LE CYBERSQUATTING DE NOMS DE DOMAINE : MOYENS DE RECOURS ET SANCTIONS

Article juridique publié le 08/11/2010 à 23:20, vu 7293 fois, 0 commentaire(s), Auteur : MAITRE ANTHONY BEM
Il est fréquent que des personnes enregistrent à titre professionnel ou amical un nom de domaine puis ensuite refusent de le transférer à son ayant droit ou seulement contre une rétribution forfaitaire injustifiée.
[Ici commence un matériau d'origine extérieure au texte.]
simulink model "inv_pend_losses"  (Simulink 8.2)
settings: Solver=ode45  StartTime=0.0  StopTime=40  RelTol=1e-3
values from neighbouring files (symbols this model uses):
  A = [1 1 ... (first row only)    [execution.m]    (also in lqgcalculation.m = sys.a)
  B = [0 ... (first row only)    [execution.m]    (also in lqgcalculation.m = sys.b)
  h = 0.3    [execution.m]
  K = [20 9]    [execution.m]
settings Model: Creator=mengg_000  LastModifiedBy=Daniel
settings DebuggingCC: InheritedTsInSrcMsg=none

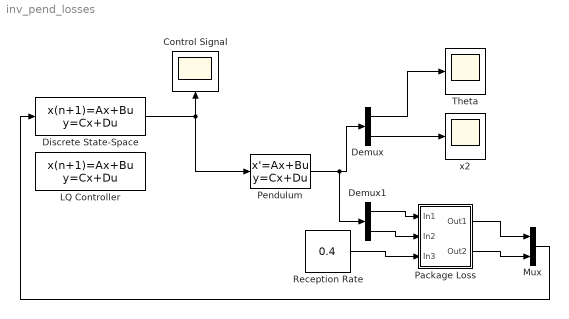
== system inv_pend_losses ==
  Control Signal : Scope
      settings: TimeRange=1  YMin=1  YMax=3.5  SaveName=ry
  Demux : Demux  Outputs=2
  Demux1 : Demux  Outputs=2
  Discrete State-Space : DiscreteStateSpace  A=0  B=[0 0]  C=0  D=-K  SampleTime=h
  LQ Controller : DiscreteStateSpace  A=|  B=|  C="[-12.1798  -13.3262         0]"  D=-8.1263  X0="[0;    0;   0]"  SampleTime=0.02
      A=|
      | [0.0389   -1.5001         0;
      |     0.0828    0.3594         0;
      |   -12.1798  -13.3262         0]
      B=|
      | [ -0.4344;
      |     0.1355;
      |    -8.1263]
  Mux : Mux  Inputs=2
  Package Loss : Subsystem
  "Pendulum " : StateSpace  A=A  B=B  C=eye(2)  D=[0;0]  X0=[0; 0.1]
  Reception Rate : Constant  Value=0.4
  Theta : Scope
      settings: TimeRange=1  YMin=1  YMax=3.5  SaveName=ry1
  x2 : Scope
      settings: TimeRange=1  YMin=1  YMax=3.5  SaveName=ry2
  wires:
  Demux/1 -> Theta/1
  Reception Rate/1 -> Package Loss/3(In3)
  Discrete State-Space/1 -> "Pendulum "/1, Control Signal/1
  "Pendulum "/1 -> Demux1/1, Demux/1
  Demux/2 -> x2/1
  Demux1/2 -> Package Loss/2(In2)
  Demux1/1 -> Package Loss/1(In1)
  Package Loss/2(Out2) -> Mux/2
  Package Loss/1(Out1) -> Mux/1
  Mux/1 -> Discrete State-Space/1

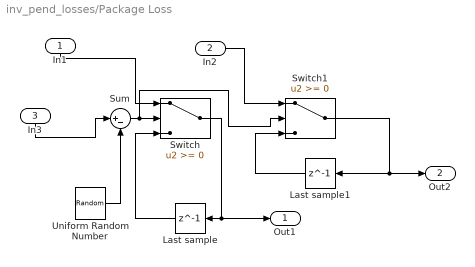
== system inv_pend_losses/Package Loss ==
  In1 : Inport
  In2 : Inport  Port=2
  In3 : Inport  Port=3
  Last sample : Delay  DelayLength=1  SampleTime=h
  Last sample1 : Delay  DelayLength=1  SampleTime=h
  Sum : Sum  Inputs=|+-
  Switch : Switch
  Switch1 : Switch
  Uniform Random Number : UniformRandomNumber  Minimum=0
  Out1 : Outport
  Out2 : Outport  Port=2
  wires:
  Uniform Random Number/1 -> Sum/2
  Sum/1 -> Switch1/2, Switch/2
  In1/1 -> Switch/1
  Switch/1 -> Out1/1, Last sample/1
  Last sample/1 -> Switch/3
  Last sample1/1 -> Switch1/3
  Switch1/1 -> Out2/1, Last sample1/1
  In3/1 -> Sum/1
  In2/1 -> Switch1/1

Ce comportement caractérise le cybersquatting contre lequel celui qui possède la vraie propriété sur le nom a en tout état de cause la réelle propriété du nom de domaine et dispose donc de moyens de recours et d’action contre le cybersquatteur.

Dans le monde de la communication informatique, chaque ordinateur est identifié par un numéro appelé une adresse de protocole Internet, plus familièrement l'adresse IP.

Or, mémoriser un numéro IP est rébarbatif et difficile, c'est pourquoi on a créé les noms de domaine plus faciles à retenir.

Concrètement, un nom de domaine (ex : http://yahoo.com) est composé de trois parties :

- La première partie : le service («ftp» pour le transfert de fichiers, «http» pour le web, «news» pour les forums de discussion Usenet et le «mailto» pour le courrier électronique). 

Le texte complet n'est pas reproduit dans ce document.